Мысль, что жертвы приносились богам именно в виде пищи, подтверждается ещё и той заботливостью, с которой выбирали только здоровых животных для жертвоприношений, и обрядами, сопровождавшими последние.

Насчёт доброкачественности и здоровья жертвы приведу следующее место из Полидевка: "В жертву должны приноситься животные: стройные, не обрезанные, не лишённые какого-либо члена, здоровые, не изувеченные, со всеми частями тела, хорошо сложённые, не изувеченные (bis), не раненные, не с вывихнутыми (кривыми) членами". [377] Платон порицает лакедемонян за несоблюдение этого предписания: "Лакедемоняне же ни о чем из всего этого никогда (?) не заботились, и они так легкомысленно относятся к богам, что всегда жертвуют повреждённых животных". [378] Годность жертвы для употребления в пищу считалась до того необходимым условием жертвоприношения, что Эсхил мог назвать принесение Ифигении в жертву незаконным на том лишь основании, что он не считал эту жертву съедобной. [379]
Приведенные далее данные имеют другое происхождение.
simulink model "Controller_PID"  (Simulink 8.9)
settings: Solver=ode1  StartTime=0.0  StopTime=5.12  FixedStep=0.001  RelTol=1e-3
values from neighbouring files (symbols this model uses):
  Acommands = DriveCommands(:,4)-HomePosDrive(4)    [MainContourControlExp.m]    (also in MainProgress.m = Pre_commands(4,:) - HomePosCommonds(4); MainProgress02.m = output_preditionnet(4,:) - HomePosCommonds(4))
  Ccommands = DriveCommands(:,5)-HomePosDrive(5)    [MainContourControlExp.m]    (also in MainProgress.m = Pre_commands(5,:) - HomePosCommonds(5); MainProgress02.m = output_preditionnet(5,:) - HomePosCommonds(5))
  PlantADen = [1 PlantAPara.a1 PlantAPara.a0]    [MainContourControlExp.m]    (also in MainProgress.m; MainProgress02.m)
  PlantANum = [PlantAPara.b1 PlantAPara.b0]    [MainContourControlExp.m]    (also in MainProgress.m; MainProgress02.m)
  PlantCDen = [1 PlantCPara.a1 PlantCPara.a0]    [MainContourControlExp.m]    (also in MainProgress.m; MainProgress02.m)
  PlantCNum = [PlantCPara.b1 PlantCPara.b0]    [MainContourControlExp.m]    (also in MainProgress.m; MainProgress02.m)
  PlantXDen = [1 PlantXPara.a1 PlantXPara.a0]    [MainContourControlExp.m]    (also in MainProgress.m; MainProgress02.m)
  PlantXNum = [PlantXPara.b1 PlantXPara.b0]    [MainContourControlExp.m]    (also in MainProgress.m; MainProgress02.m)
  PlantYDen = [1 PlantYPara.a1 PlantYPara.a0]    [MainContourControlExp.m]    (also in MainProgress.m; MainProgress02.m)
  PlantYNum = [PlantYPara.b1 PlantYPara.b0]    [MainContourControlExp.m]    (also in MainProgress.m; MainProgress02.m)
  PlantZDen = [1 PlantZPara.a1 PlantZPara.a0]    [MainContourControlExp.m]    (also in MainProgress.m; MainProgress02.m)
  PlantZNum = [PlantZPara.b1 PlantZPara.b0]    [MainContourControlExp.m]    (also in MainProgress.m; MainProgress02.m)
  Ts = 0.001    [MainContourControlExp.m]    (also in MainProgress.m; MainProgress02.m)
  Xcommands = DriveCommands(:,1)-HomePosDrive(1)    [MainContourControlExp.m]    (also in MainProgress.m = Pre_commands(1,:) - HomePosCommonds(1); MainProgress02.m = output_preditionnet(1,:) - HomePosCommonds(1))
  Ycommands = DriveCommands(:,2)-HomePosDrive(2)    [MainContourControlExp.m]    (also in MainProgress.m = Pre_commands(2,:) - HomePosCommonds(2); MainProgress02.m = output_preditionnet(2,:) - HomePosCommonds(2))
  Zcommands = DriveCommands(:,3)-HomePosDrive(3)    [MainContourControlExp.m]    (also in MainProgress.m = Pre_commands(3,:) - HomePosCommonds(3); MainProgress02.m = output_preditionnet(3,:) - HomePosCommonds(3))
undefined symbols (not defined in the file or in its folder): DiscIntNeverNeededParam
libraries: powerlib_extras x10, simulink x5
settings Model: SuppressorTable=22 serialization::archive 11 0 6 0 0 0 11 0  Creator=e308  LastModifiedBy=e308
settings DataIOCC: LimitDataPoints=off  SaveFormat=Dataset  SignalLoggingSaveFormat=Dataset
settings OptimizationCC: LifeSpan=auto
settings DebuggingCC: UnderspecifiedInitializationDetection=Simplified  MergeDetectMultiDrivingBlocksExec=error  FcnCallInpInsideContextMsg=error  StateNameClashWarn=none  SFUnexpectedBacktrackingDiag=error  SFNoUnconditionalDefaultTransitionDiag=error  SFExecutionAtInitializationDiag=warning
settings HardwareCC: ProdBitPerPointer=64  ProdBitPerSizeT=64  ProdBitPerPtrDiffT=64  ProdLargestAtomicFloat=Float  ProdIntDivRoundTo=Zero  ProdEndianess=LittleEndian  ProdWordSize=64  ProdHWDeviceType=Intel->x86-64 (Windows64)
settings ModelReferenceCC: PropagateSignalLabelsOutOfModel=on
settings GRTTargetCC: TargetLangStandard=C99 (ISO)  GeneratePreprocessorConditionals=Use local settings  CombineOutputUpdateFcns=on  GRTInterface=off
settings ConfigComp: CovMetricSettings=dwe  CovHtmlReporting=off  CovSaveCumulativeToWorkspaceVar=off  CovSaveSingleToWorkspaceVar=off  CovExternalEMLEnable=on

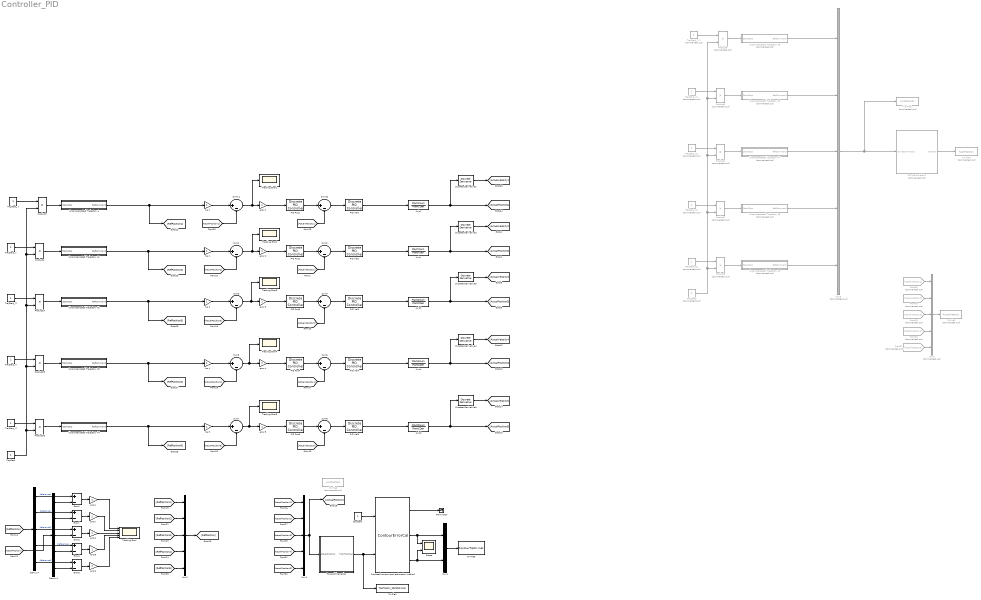
== system Controller_PID ==
  " AxisX " : DiscreteTransferFcn  Numerator=PlantXNum  Denominator=PlantXDen  SampleTime=Ts
  " AxisY" : DiscreteTransferFcn  Numerator=PlantYNum  Denominator=PlantYDen  SampleTime=Ts
  AxisA : DiscreteTransferFcn  Numerator=PlantANum  Denominator=PlantADen  SampleTime=Ts
  AxisC : DiscreteTransferFcn  Numerator=PlantCNum  Denominator=PlantCDen  SampleTime=Ts
  AxisZ : DiscreteTransferFcn  Numerator=PlantZNum  Denominator=PlantZDen  SampleTime=Ts
  Constant : Constant
  Demux1 : Demux  Outputs=5
  Demux4 : Demux  Outputs=5
  Discrete Derivative{1..5} (5 alike) : simulink/Discrete/Discrete Derivative  gainval=1.0  ICPrevScaledInput=0.0  InputProcessing=Inherited  OutMin=[]  OutMax=[]  OutDataType=fixdt(1, 16)  OutScaling=2^-10  DoSatur=off
  ErrorA : Sum  Inputs=+-
  ErrorC : Sum  Inputs=+-
  ErrorX : Sum  Inputs=+-
  ErrorY : Sum  Inputs=+-
  ErrorZ : Sum  Inputs=+-
  "ForwardKinematics " : MATLAB Function  TreatAsAtomicUnit=on
  From33 : From  Commented=on  GotoTag=ActualVelosity1
  From34 : From  Commented=on  GotoTag=ActualVelosity2
  From35 : From  Commented=on  GotoTag=ActualVelosity3
  From36 : From  Commented=on  GotoTag=ActualVelosity4
  From37 : From  Commented=on  GotoTag=ActualVelosity5
  MATLAB Function1 : MATLAB Function  Commented=on  TreatAsAtomicUnit=on
  Mux1 : Mux  Inputs=5
  Mux2 : Mux  Inputs=5
  Mux3 : Mux  Commented=on  Inputs=5
  Mux4 : Mux  Inputs=2
  Mux5 : Mux  Commented=on  Inputs=5
  PID Pos1 : powerlib_extras/Discrete  Control Blocks/Discrete PID Controller  Kp=250  Ki=0  Kd=0  TcD=0.001  Par_Limits=[1e6 -1e6]  Init=0  Ts=0.001
  PID Pos2 : powerlib_extras/Discrete  Control Blocks/Discrete PID Controller  Kp=150  Ki=0  Kd=0  TcD=0.001  Par_Limits=[1e6 -1e6]  Init=0  Ts=0.001
  PID Pos3 : powerlib_extras/Discrete  Control Blocks/Discrete PID Controller  Kp=150  Ki=0  Kd=0  TcD=0.001  Par_Limits=[1e6 -1e6]  Init=0  Ts=0.001
  PID Pos4 : powerlib_extras/Discrete  Control Blocks/Discrete PID Controller  Kp=100  Ki=0  Kd=0  TcD=0.001  Par_Limits=[1e6 -1e6]  Init=0  Ts=0.001
  PID Pos5 : powerlib_extras/Discrete  Control Blocks/Discrete PID Controller  Kp=100  Ki=0  Kd=0  TcD=0.001  Par_Limits=[1e6 -1e6]  Init=0  Ts=0.001
  PID Vel1 : powerlib_extras/Discrete  Control Blocks/Discrete PID Controller  Kp=0.01  Ki=0  Kd=0  TcD=0.001  Par_Limits=[1e6 -1e6]  Init=0  Ts=0.001
  PID Vel2 : powerlib_extras/Discrete  Control Blocks/Discrete PID Controller  Kp=0.01  Ki=0  Kd=0  TcD=0.001  Par_Limits=[1e6 -1e6]  Init=0  Ts=0.001
  PID Vel3 : powerlib_extras/Discrete  Control Blocks/Discrete PID Controller  Kp=0.01  Ki=0  Kd=0  TcD=0.001  Par_Limits=[1e6 -1e6]  Init=0  Ts=0.001
  PID Vel4 : powerlib_extras/Discrete  Control Blocks/Discrete PID Controller  Kp=0.5  Ki=0  Kd=0  TcD=0.001  Par_Limits=[1e6 -1e6]  Init=0  Ts=0.001
  PID Vel5 : powerlib_extras/Discrete  Control Blocks/Discrete PID Controller  Kp=0.5  Ki=0  Kd=0  TcD=0.001  Par_Limits=[1e6 -1e6]  Init=0  Ts=0.001
  Product{1..3,5..6} (5 alike) : Product  Commented=on  SampleTime=Ts  RndMeth=Zero
  Product{4,7,14..16} (5 alike) : Product  SampleTime=Ts  RndMeth=Zero
  Proposed contour error estimation method : S-Function  FunctionName=ContourErrorCal  Parameters=X Y Z I J K U  SFunctionDeploymentMode=off  EnableBusSupport=off
  Scope : Scope  NumInputPorts=2
  Sum{1..8,11..12} (10 alike) : Sum  Inputs=|+-
  Terminator : Terminator
  To File1 : ToFile  Filename=ToolTipOri_DNNPID.mat  MatrixName=Proposed
  To File2 : ToFile  Commented=on  Filename=ActualVelocity  MatrixName=ActualVel
  To File3 : ToFile  Commented=on  Filename=AxisPosition  MatrixName=Reference
  To File4 : ToFile  Commented=on  Filename=TaskPosition  MatrixName=ActualPos
  To File5 : ToFile  Filename=ContourTipOri.mat  MatrixName=Proposed
  To File6 : ToFile  Commented=on  Filename=AxisPosition  MatrixName=Reference
  Tracking Erro2 : Scope
  "Tracking Error " : Scope  NumInputPorts=5
  Tracking Error{1,3..5} (4 alike) : Scope
  TrajStart : Constant
  TrajStart1 : Constant  Commented=on
  TrajStart_ A : Constant
  TrajStart_ A1 : Constant  Commented=on
  TrajStart_ C : Constant
  TrajStart_ C1 : Constant  Commented=on
  "TrajStart_ X " : Constant
  TrajStart_ X 1 : Constant  Commented=on
  TrajStart_ Y : Constant
  TrajStart_ Y1 : Constant  Commented=on
  TrajStart_ Z : Constant
  TrajStart_ Z1 : Constant  Commented=on
  Uncompensated Trajectory A : Subsystem
  Uncompensated Trajectory A1 : Subsystem
  Uncompensated Trajectory A2 : Subsystem
  Uncompensated Trajectory A3 : Subsystem
  Uncompensated Trajectory A4 : Subsystem
  Uncompensated Trajectory A5 : Subsystem  Commented=on
  Uncompensated Trajectory A6 : Subsystem  Commented=on
  Uncompensated Trajectory A7 : Subsystem  Commented=on
  Uncompensated Trajectory A8 : Subsystem  Commented=on
  Uncompensated Trajectory A9 : Subsystem  Commented=on
  error {1..5} (5 alike) : Gain
  errora : Gain  SampleTime=0.001
  errorc : Gain  SampleTime=0.001
  errorx : Gain  SampleTime=0.001
  errory : Gain  SampleTime=0.001
  errorz : Gain  SampleTime=0.001
  tra {1..5} (5 alike) : Gain
  wires:
  [RefPosition5] -> Mux2/5
  [RefPosition4] -> Mux2/4
  [RefPosition3] -> Mux2/3
  Sum11/1 -> Tracking Error1/1, error 1/1
  [RefPosition2] -> Mux2/2
  From33/1 -> Mux3/1
  Discrete Derivative5/1 -> [ActualVelosity5]
  Sum3/1 -> error 3/1, Tracking Error3/1
  From36/1 -> Mux3/4
  Discrete Derivative3/1 -> [ActualVelosity3]
  Discrete Derivative2/1 -> [ActualVelosity2]
  [ActualVelosity3] -> Sum4/2
  error 4/1 -> PID Pos4/1
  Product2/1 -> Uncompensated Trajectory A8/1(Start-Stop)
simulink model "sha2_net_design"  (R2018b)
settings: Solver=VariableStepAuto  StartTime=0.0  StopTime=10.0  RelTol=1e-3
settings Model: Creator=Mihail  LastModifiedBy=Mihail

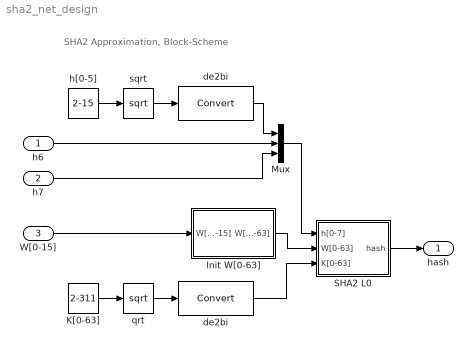
== system sha2_net_design ==
  note: SHA2 Approximation, Block-Scheme
  h6 : Inport
  h7 : Inport  Port=2
  W[0-15] : Inport  Port=3
  Init W[0-63] : Subsystem
  K[0-63] : Constant  Value=2-311
  Mux : Mux  Inputs=3
  SHA2 L0 : Subsystem
  de2bi : DataTypeConversion
  "de2bi " : DataTypeConversion
  h[0-5] : Constant  Value=2-15
  qrt : Sqrt  SaturateOnIntegerOverflow=on
  sqrt : Sqrt  SaturateOnIntegerOverflow=on
  hash : Outport
  wires:
  h[0-5]/1 -> sqrt/1
  K[0-63]/1 -> qrt/1
  sqrt/1 -> de2bi/1
  de2bi/1 -> Mux/1
  h6/1 -> Mux/2
  h7/1 -> Mux/3
  qrt/1 -> "de2bi "/1
  Init W[0-63]/1("W[0-63] ") -> SHA2 L0/2(W[0-63])
  Mux/1 -> SHA2 L0/1(h[0-7])
  "de2bi "/1 -> SHA2 L0/3(K[0-63])
  W[0-15]/1 -> Init W[0-63]/1(W[0-15])
  SHA2 L0/1(hash) -> hash/1

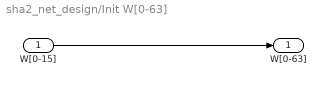
== system sha2_net_design/Init W[0-63] ==
  W[0-15] : Inport
  "W[0-63] " : Outport
  wires:
  W[0-15]/1 -> "W[0-63] "/1

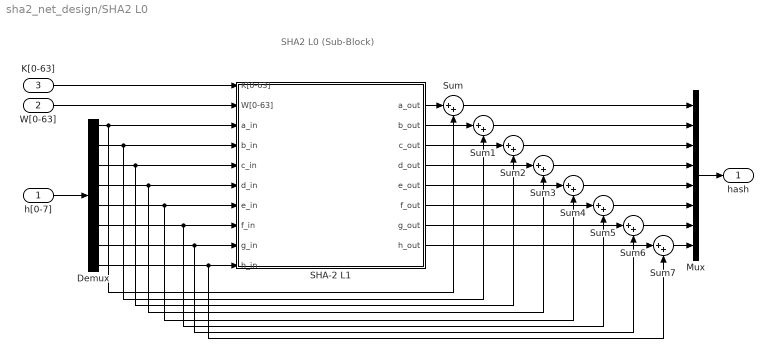
== system sha2_net_design/SHA2 L0 ==
  note: SHA2 L0 (Sub-Block)
  h[0-7] : Inport
  W[0-63] : Inport  Port=2
  K[0-63] : Inport  Port=3
  Demux : Demux  Outputs=8
  Mux : Mux  Inputs=8
  SHA-2 L1 : Subsystem
  Sum{,1..7} (8 alike) : Sum  Inputs=|++
  hash : Outport
  wires:
  SHA-2 L1/1(a_out) -> Sum/1
  SHA-2 L1/2(b_out) -> Sum1/1
  Sum/1 -> Mux/1
  Sum1/1 -> Mux/2
  Sum2/1 -> Mux/3
  SHA-2 L1/3(c_out) -> Sum2/1
  SHA-2 L1/4(d_out) -> Sum3/1
  Sum3/1 -> Mux/4
  SHA-2 L1/5(e_out) -> Sum4/1
  Sum4/1 -> Mux/5
  Mux/1 -> hash/1
  SHA-2 L1/6(f_out) -> Sum5/1
  Sum6/1 -> Mux/7
  Sum5/1 -> Mux/6
  Sum7/1 -> Mux/8
  SHA-2 L1/7(g_out) -> Sum6/1
  SHA-2 L1/8(h_out) -> Sum7/1
  W[0-63]/1 -> SHA-2 L1/2(W[0-63])
  K[0-63]/1 -> SHA-2 L1/1(K[0-63])
  h[0-7]/1 -> Demux/1
  Demux/1 -> Sum/2, SHA-2 L1/3(a_in)
  Demux/2 -> Sum1/2, SHA-2 L1/4(b_in)
  Demux/3 -> Sum2/2, SHA-2 L1/5(c_in)
  Demux/4 -> Sum3/2, SHA-2 L1/6(d_in)
  Demux/5 -> Sum4/2, SHA-2 L1/7(e_in)
  Demux/6 -> Sum5/2, SHA-2 L1/8(f_in)
  Demux/7 -> Sum6/2, SHA-2 L1/9(g_in)
  Demux/8 -> Sum7/2, SHA-2 L1/10(h_in)

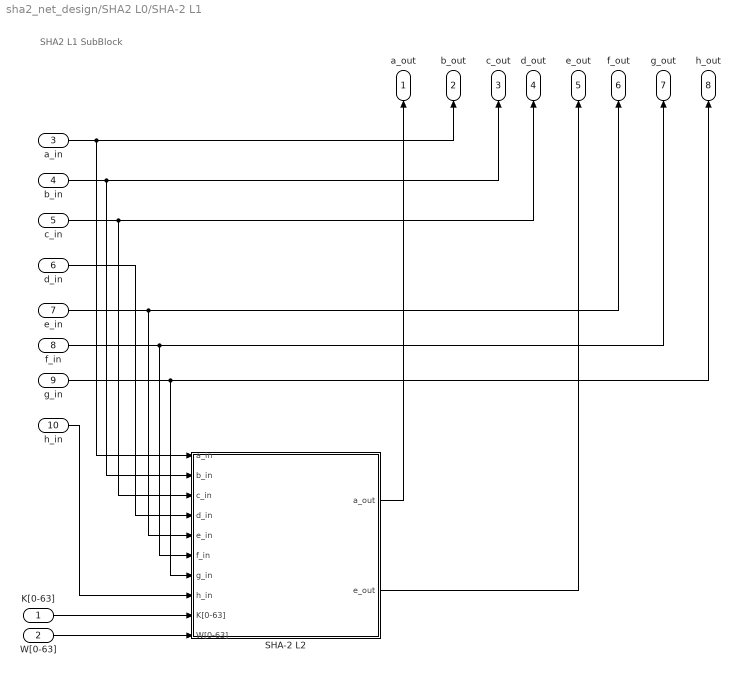
== system sha2_net_design/SHA2 L0/SHA-2 L1 ==
  note: SHA2 L1 SubBlock
  K[0-63] : Inport
  W[0-63] : Inport  Port=2
  a_in : Inport  Port=3
  b_in : Inport  Port=4
  c_in : Inport  Port=5
  d_in : Inport  Port=6
  e_in : Inport  Port=7
  f_in : Inport  Port=8
  g_in : Inport  Port=9
  h_in : Inport  Port=10
  SHA-2 L2 : Subsystem
  a_out : Outport
  b_out : Outport  Port=2
  c_out : Outport  Port=3
  d_out : Outport  Port=4
  e_out : Outport  Port=5
  f_out : Outport  Port=6
  g_out : Outport  Port=7
  h_out : Outport  Port=8
  wires:
  g_in/1 -> SHA-2 L2/7(g_in), h_out/1
  f_in/1 -> SHA-2 L2/6(f_in), g_out/1
  e_in/1 -> SHA-2 L2/5(e_in), f_out/1
  c_in/1 -> SHA-2 L2/3(c_in), d_out/1
  b_in/1 -> SHA-2 L2/2(b_in), c_out/1
  a_in/1 -> SHA-2 L2/1(a_in), b_out/1
  SHA-2 L2/1(a_out) -> a_out/1
  SHA-2 L2/2(e_out) -> e_out/1
  d_in/1 -> SHA-2 L2/4(d_in)
  h_in/1 -> SHA-2 L2/8(h_in)
  K[0-63]/1 -> SHA-2 L2/9(K[0-63])
  W[0-63]/1 -> SHA-2 L2/10(W[0-63])

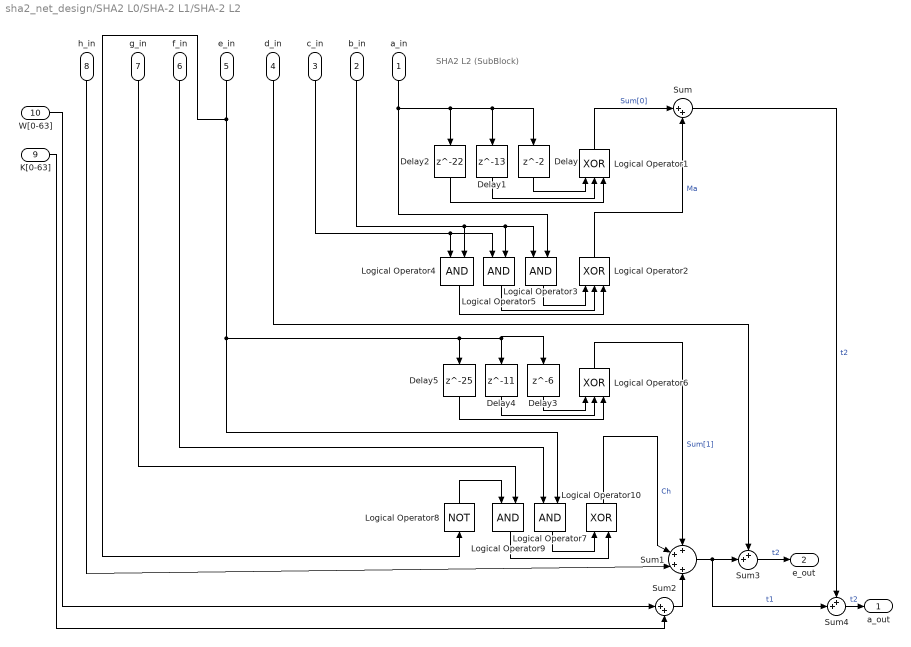
== system sha2_net_design/SHA2 L0/SHA-2 L1/SHA-2 L2 ==
  note: SHA2 L2 (SubBlock)
  a_in : Inport
  b_in : Inport  Port=2
  c_in : Inport  Port=3
  d_in : Inport  Port=4
  e_in : Inport  Port=5
  f_in : Inport  Port=6
  g_in : Inport  Port=7
  h_in : Inport  Port=8
  K[0-63] : Inport  Port=9
  W[0-63] : Inport  Port=10
  Delay : Delay
  Delay1 : Delay  DelayLength=13
  Delay2 : Delay  DelayLength=22
  Delay3 : Delay  DelayLength=6
  Delay4 : Delay  DelayLength=11
  Delay5 : Delay  DelayLength=25
  Logical Operator1 : Logic  Operator=XOR  Inputs=3  AllPortsSameDT=off  OutDataTypeStr=boolean
  Logical Operator10 : Logic  Operator=XOR  AllPortsSameDT=off  OutDataTypeStr=boolean
  Logical Operator2 : Logic  Operator=XOR  Inputs=3  AllPortsSameDT=off  OutDataTypeStr=boolean
  Logical Operator{3..5,7,9} (5 alike) : Logic  AllPortsSameDT=off  OutDataTypeStr=boolean
  Logical Operator6 : Logic  Operator=XOR  Inputs=3  AllPortsSameDT=off  OutDataTypeStr=boolean
  Logical Operator8 : Logic  Operator=NOT  Inputs=3  AllPortsSameDT=off  OutDataTypeStr=boolean
  Sum : Sum  Inputs=|++
  Sum1 : Sum  Inputs=++++
  Sum2 : Sum  Inputs=|++
  Sum3 : Sum  Inputs=++|
  Sum4 : Sum  Inputs=++|
  a_out : Outport
  e_out : Outport  Port=2
  wires:
  a_in/1 -> Logical Operator3/2, Delay/1, Delay1/1, Delay2/1
  Delay/1 -> Logical Operator1/1
  Delay1/1 -> Logical Operator1/2
  Delay2/1 -> Logical Operator1/3
  b_in/1 -> Logical Operator5/2, Logical Operator3/1, Logical Operator4/2
  c_in/1 -> Logical Operator5/1, Logical Operator4/1
  Logical Operator3/1 -> Logical Operator2/1
  Logical Operator5/1 -> Logical Operator2/2
  Logical Operator4/1 -> Logical Operator2/3
  e_in/1 -> Logical Operator8/1, Logical Operator7/2, Delay3/1, Delay4/1, Delay5/1
  Delay3/1 -> Logical Operator6/1
  Delay4/1 -> Logical Operator6/2
  Delay5/1 -> Logical Operator6/3
  f_in/1 -> Logical Operator7/1
  g_in/1 -> Logical Operator9/2
  Logical Operator8/1 -> Logical Operator9/1
  Logical Operator7/1 -> Logical Operator10/1
  Logical Operator9/1 -> Logical Operator10/2
  Logical Operator1/1 -> Sum/1  "Sum[0]"
  Logical Operator2/1 -> Sum/2  "Ma"
  Sum/1 -> Sum4/1  "t2"
  W[0-63]/1 -> Sum2/1
  K[0-63]/1 -> Sum2/2
  Sum2/1 -> Sum1/4
  Logical Operator6/1 -> Sum1/1  "Sum[1]"
  Logical Operator10/1 -> Sum1/2  "Ch"
  h_in/1 -> Sum1/3
  Sum3/1 -> e_out/1  "t2"
  Sum4/1 -> a_out/1  "t2"
  Sum1/1 -> Sum4/2, Sum3/2  "t1"
  d_in/1 -> Sum3/1

Из обрядов, сопровождавших жертвоприношение, стоит упомянуть только о посыпании жертвы жареным ячменём и о сжигании её потом вместе с хлебом из ячменя.

На вопрос, какие вообще животные приносились в жертву, мы находим ответ у Свиды: "Шесть животных употреблялись в жертву, а именно: баран (овца), свинья, бык (корова), козёл (коза), петух (курица) и гусь". [380] Это перечень всех главнейших животных, употреблявшихся в древности в пищу. Из этого мы по необходимости должны заключить, что главным руководящим мотивом при выборе жертвы служила употребительность животного в пищу. Если и допустим при выборе жертвы для отдельных богов и некоторые другие мотивы, то они всё-таки должны считаться второстепенными. Так, по мнению древних, выбор жертвы основывался или на особенном предпочтении, или на ненависти божества к известным животным. У Сервия мы читаем: "Жертвы приносились богам или по предпочтению, или по противности их… Так, например, свинья, вредящая плодам, приносилась в жертву Церере (Деметре), а козёл, вредящий винограднику, жертвовался Вакху". [381] В схолиях к Аристофану читаем: "Свиньи жертвовались Деметре и Дионису, как вредящие дарам этих двух божеств". [382] Впрочем, это мнение, по крайней мере относительно двух приведённых животных, кажется, ошибочно. Можно полагать, что выбор свиньи для Деметры обусловливался приписываемой ей необычайной плодовитостью, а козла для Вакха – сладострастием этого животного, так как известно, что оно считалось и теперь считается самым сладострастным из всех. Но если бы приведённое Сервием соображение и было верно, то во всяком случае оно не могло быть главной мыслью, руководящей при выборе жертвы. По крайней мере нет никакого основания полагать это, ибо в таком случае в жертву приносились бы и змеи, и совы, и павлины, и иные животные, игравшие в некоторых культах столь важную роль, – чего мы, однако же, нигде не встречаем.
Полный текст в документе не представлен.